Exercise details ->
What lines in the records below contain the string "diagram"? Copy every one.

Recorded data
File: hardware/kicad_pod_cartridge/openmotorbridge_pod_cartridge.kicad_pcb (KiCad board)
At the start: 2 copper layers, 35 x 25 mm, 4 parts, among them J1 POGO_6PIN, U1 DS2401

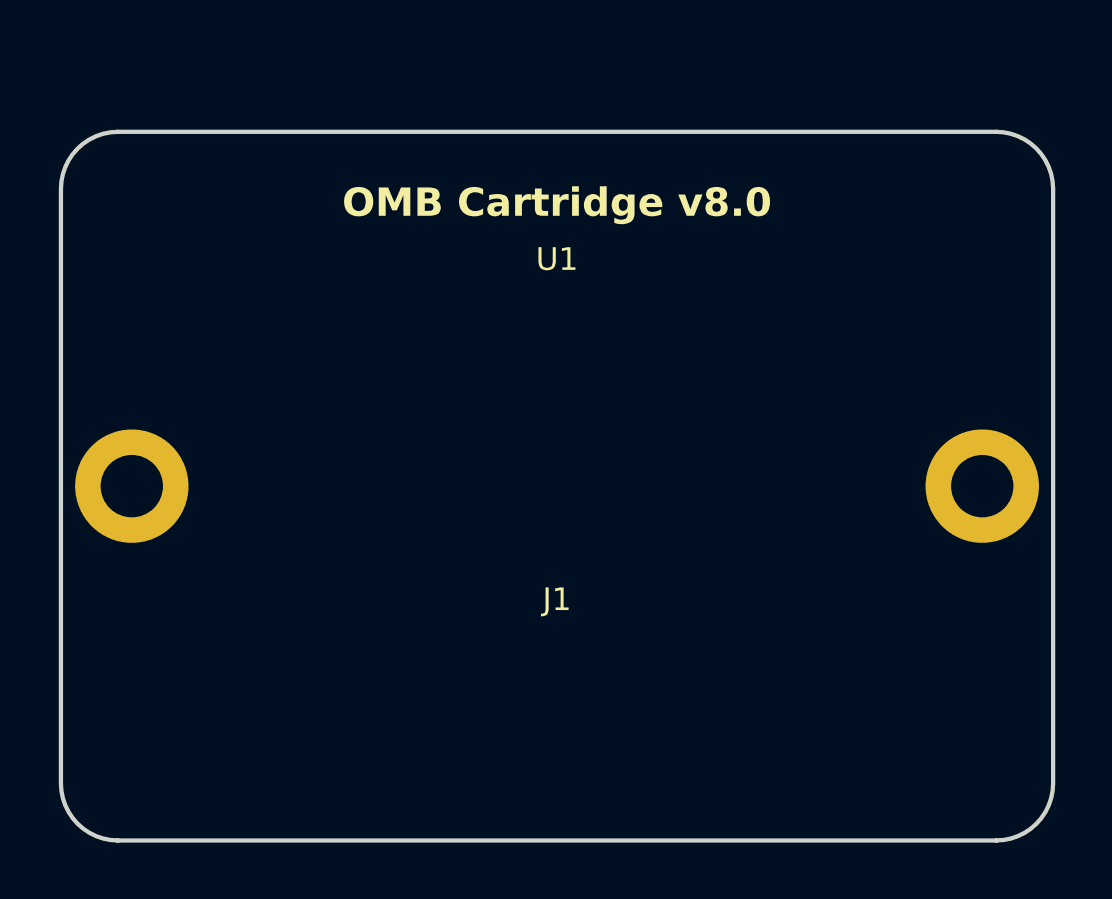
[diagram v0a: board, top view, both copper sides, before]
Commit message: feat(hardware,firmware): integrate OMM UART push flashing, low-profile cartridge & pod3 6-pin layout
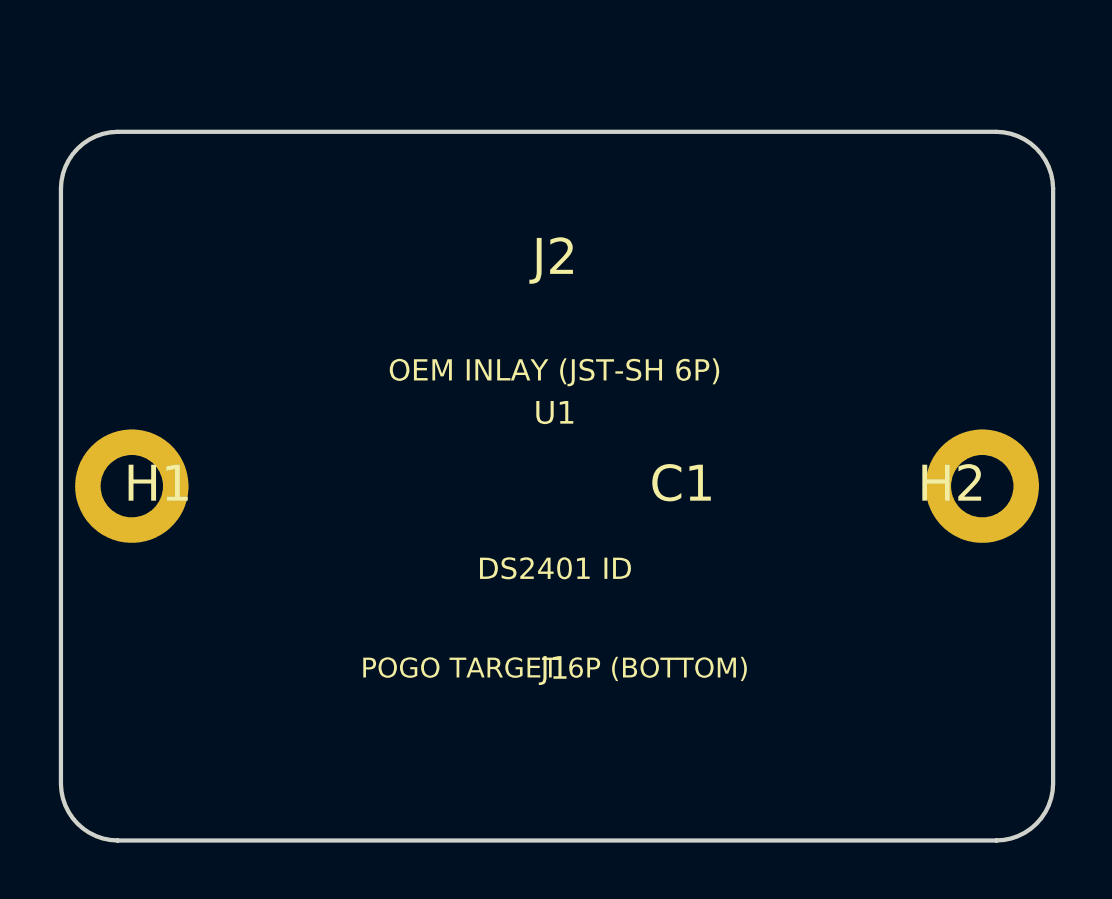
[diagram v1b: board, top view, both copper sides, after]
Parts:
- added C1: , , F.Cu at (122.0, 82.5)
- added H1: , , F.Cu at (103.5, 82.5)
- added H2: , , F.Cu at (131.5, 82.5)
- added J2: , , F.Cu at (117.5, 74.5)
- moved U1 5.43 mm to (117.5, 82.5)
- moved J1 2.43 mm to (117.5, 91.5)
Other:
- board text added: "DS2401 ID"
- board text added: "OEM INLAY (JST-SH 6P)"
- board text added: "POGO TARGET 6P (BOTTOM)"
- board text removed: "OMB Cartridge v8.0"
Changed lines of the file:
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@@
+		)
+	)
+	(footprint ""
+		(layer "F.Cu")
+		(at 131.5 82.5)
+		(property "Reference" "H2"
+			(at 0 0 0)
+			(layer "F.SilkS")
+			(effects
+				(font
+					(size 1.27 1.27)
+				)
+			)
+		)
+		(property "Value" ""
+			(at 0 0 0)
+			(layer "F.Fab")
+			(effects
+				(font
+					(size 1.27 1.27)
+				)
+			)
+		)
+		(property "Datasheet" ""
+			(at 0 0 0)
+			(layer "F.Fab")
+			(hide yes)
+			(effects
+				(font
+					(size 1.27 1.27)
+				)
+			)
+		)
+		(property "Description" ""
+			(at 0 0 0)
+			(layer "F.Fab")
+			(hide yes)
+			(effects
+				(font
+					(size 1.27 1.27)
+				)
+			)
+		)
+		(duplicate_pad_numbers_are_jumpers no)
+		(embedded_fonts no)
+	)
+	(footprint ""
+		(layer "F.Cu")
+		(at 122 82.5)
+		(property "Reference" "C1"
+			(at 0 0 0)
+			(layer "F.SilkS")
+			(effects
+				(font
+					(size 1.27 1.27)
+				)
+			)
+		)
+		(property "Value" ""
+			(at 0 0 0)
+			(layer "F.Fab")
+			(effects
+				(font
+					(size 1.27 1.27)
+				)
+			)
+		)
+		(property "Datasheet" ""
+			(at 0 0 0)
+			(layer "F.Fab")
+			(hide yes)
+			(effects
+				(font
+					(size 1.27 1.27)
+				)
+			)
+		)
+		(property "Description" ""
+			(at 0 0 0)
+			(layer "F.Fab")
+			(hide yes)
+			(effects
+				(font
+					(size 1.27 1.27)
+				)
+			)
+		)
+		(duplicate_pad_numbers_are_jumpers no)
+		(embedded_fonts no)
+		(model "${KICAD10_3DMODEL_DIR}/Capacitor_SMD.3dshapes/C_0603_1608Metric.step"
+			(offset
+				(xyz 0 0 0)
+			)
+			(scale
+				(xyz 1 1 1)
+			)
+			(rotate
+				(xyz 0 0 0)
+			)
 		)
 	)
@@
 	(footprint "Connector_PinHeader_2.54mm:PinHeader_1x06_P2.54mm_Vertical"
 		(layer "F.Cu")
-		(at 117.575 89.075)
+		(at 117.5 91.5)
 		(property "Reference" "J1"
 			(at 0 -2.5 0)
@@
 		(duplicate_pad_numbers_are_jumpers no)
 		(embedded_fonts no)
-		(model "/Connector_PinHeader_2.54mm.3dshapes/PinHeader_1x06_P2.54mm_Vertical.step"
+		(model "${KICAD10_3DMODEL_DIR}/Connector_PinHeader_2.54mm.3dshapes/PinHeader_1x06_P2.54mm_Horizontal.step"
 			(offset
 				(xyz 0 0 0)
@@
 			)
 			(rotate
-				(xyz 0 0 0)
-			)
-		)
+				(xyz 0 0 90)
+			)
+		)
+	)
+	(footprint ""
+		(layer "F.Cu")
+		(at 117.5 74.5)
+		(property "Reference" "J2"
+			(at 0 0 0)
+			(layer "F.SilkS")
+			(effects
+				(font
+					(size 1.27 1.27)
+				)
+			)
+		)
+		(property "Value" ""
+			(at 0 0 0)
+			(layer "F.Fab")
+			(effects
+				(font
+					(size 1.27 1.27)
+				)
+			)
+		)
+		(property "Datasheet" ""
+			(at 0 0 0)
+			(layer "F.Fab")
+			(hide yes)
+			(effects
+				(font
+					(size 1.27 1.27)
+				)
+			)
+		)
+		(property "Description" ""
+			(at 0 0 0)
+			(layer "F.Fab")
+			(hide yes)
+			(effects
+				(font
+					(size 1.27 1.27)
+				)
+			)
+		)
+		(duplicate_pad_numbers_are_jumpers no)
+		(embedded_fonts no)
+		(model "${KICAD10_3DMODEL_DIR}/Connector_JST.3dshapes/JST_SH_SM06B-SRSS-TB_1x06-1MP_P1.00mm_Horizontal.step"
+			(offset
+				(xyz 0 0 0)
+			)
+			(scale
+				(xyz 1 1 1)
+			)
+			(rotate
+				(xyz 0 0 0)
+			)
+		)
+	)
+	(footprint ""
+		(layer "F.Cu")
+		(at 103.5 82.5)
+		(property "Reference" "H1"
+			(at 0 0 0)
+			(layer "F.SilkS")
+			(effects
+				(font
+					(size 1.27 1.27)
+				)
+			)
+		)
+		(property "Value" ""
+			(at 0 0 0)
+			(layer "F.Fab")
+			(effects
+				(font
+					(size 1.27 1.27)
+				)
+			)
+		)
+		(property "Datasheet" ""
+			(at 0 0 0)
+			(layer "F.Fab")
+			(hide yes)
+			(effects
+				(font
+					(size 1.27 1.27)
+				)
+			)
+		)
+		(property "Description" ""
+			(at 0 0 0)
+			(layer "F.Fab")
+			(hide yes)
+			(effects
+				(font
+					(size 1.27 1.27)
+				)
+			)
+		)
+		(duplicate_pad_numbers_are_jumpers no)
+		(embedded_fonts no)
 	)
 	(footprint "MountingHole:MountingHole_2.2mm_M2"
@@
 	(footprint "Package_TO_SOT_SMD:SOT-23"
 		(layer "F.Cu")
-		(at 117.575 77.075)
+		(at 117.5 82.5)
 		(property "Reference" "U1"
 			(at 0 -2.5 0)
@@
 		(duplicate_pad_numbers_are_jumpers no)
 		(embedded_fonts no)
-		(model "/Package_TO_SOT_SMD.3dshapes/SOT-23.step"
+		(model "${KICAD10_3DMODEL_DIR}/Package_TO_SOT_SMD.3dshapes/SOT-23.step"
 			(offset
 				(xyz 0 0 0)
@@
 		(layer "Edge.Cuts")
 	)
-	(gr_text "OMB Cartridge v8.0"
-		(at 117.575 72.575 0)
+	(gr_text "POGO TARGET 6P (BOTTOM)"
+		(at 117.5 89 0)
 		(layer "F.SilkS")
 		(effects
 			(font
-				(size 1 1)
-				(thickness 0.15)
-				(bold yes)
-			)
-		)
+				(size 0.7 0.7)
+				(thickness 0.13)
+			)
+		)
+	)
+	(gr_text "OEM INLAY (JST-SH 6P)"
+		(at 117.5 78.5 0)
+		(layer "F.SilkS")
+		(effects
+			(font
+				(size 0.75 0.75)
+				(thickness 0.14)
+			)
+		)
+	)
+	(gr_text "DS2401 ID"
+		(at 117.5 85.5 0)
+		(layer "F.SilkS")
+		(effects
+			(font
+				(size 0.75 0.75)
+				(thickness 0.14)
+			)
+		)

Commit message: fix(hardware): rotate J2 horizontal connector outward on Pod Cartridge for direct straight-in cable entry
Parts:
- turned J2 to 180 degrees
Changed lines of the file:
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@@
 	(footprint ""
 		(layer "F.Cu")
-		(at 117.5 74.5)
+		(at 117.5 74.5 180)
 		(property "Reference" "J2"
-			(at 0 0 0)
+			(at 0 0 180)
 			(layer "F.SilkS")
 			(effects
@@
 		)
 		(property "Value" ""
-			(at 0 0 0)
+			(at 0 0 180)
 			(layer "F.Fab")
 			(effects
@@
 		)
 		(property "Datasheet" ""
-			(at 0 0 0)
+			(at 0 0 180)
 			(layer "F.Fab")
 			(hide yes)
@@
 		)
 		(property "Description" ""
-			(at 0 0 0)
+			(at 0 0 180)
 			(layer "F.Fab")
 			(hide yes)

Output for this exercise ->
[diagram v0a: board, top view, both copper sides, before]
[diagram v1b: board, top view, both copper sides, after]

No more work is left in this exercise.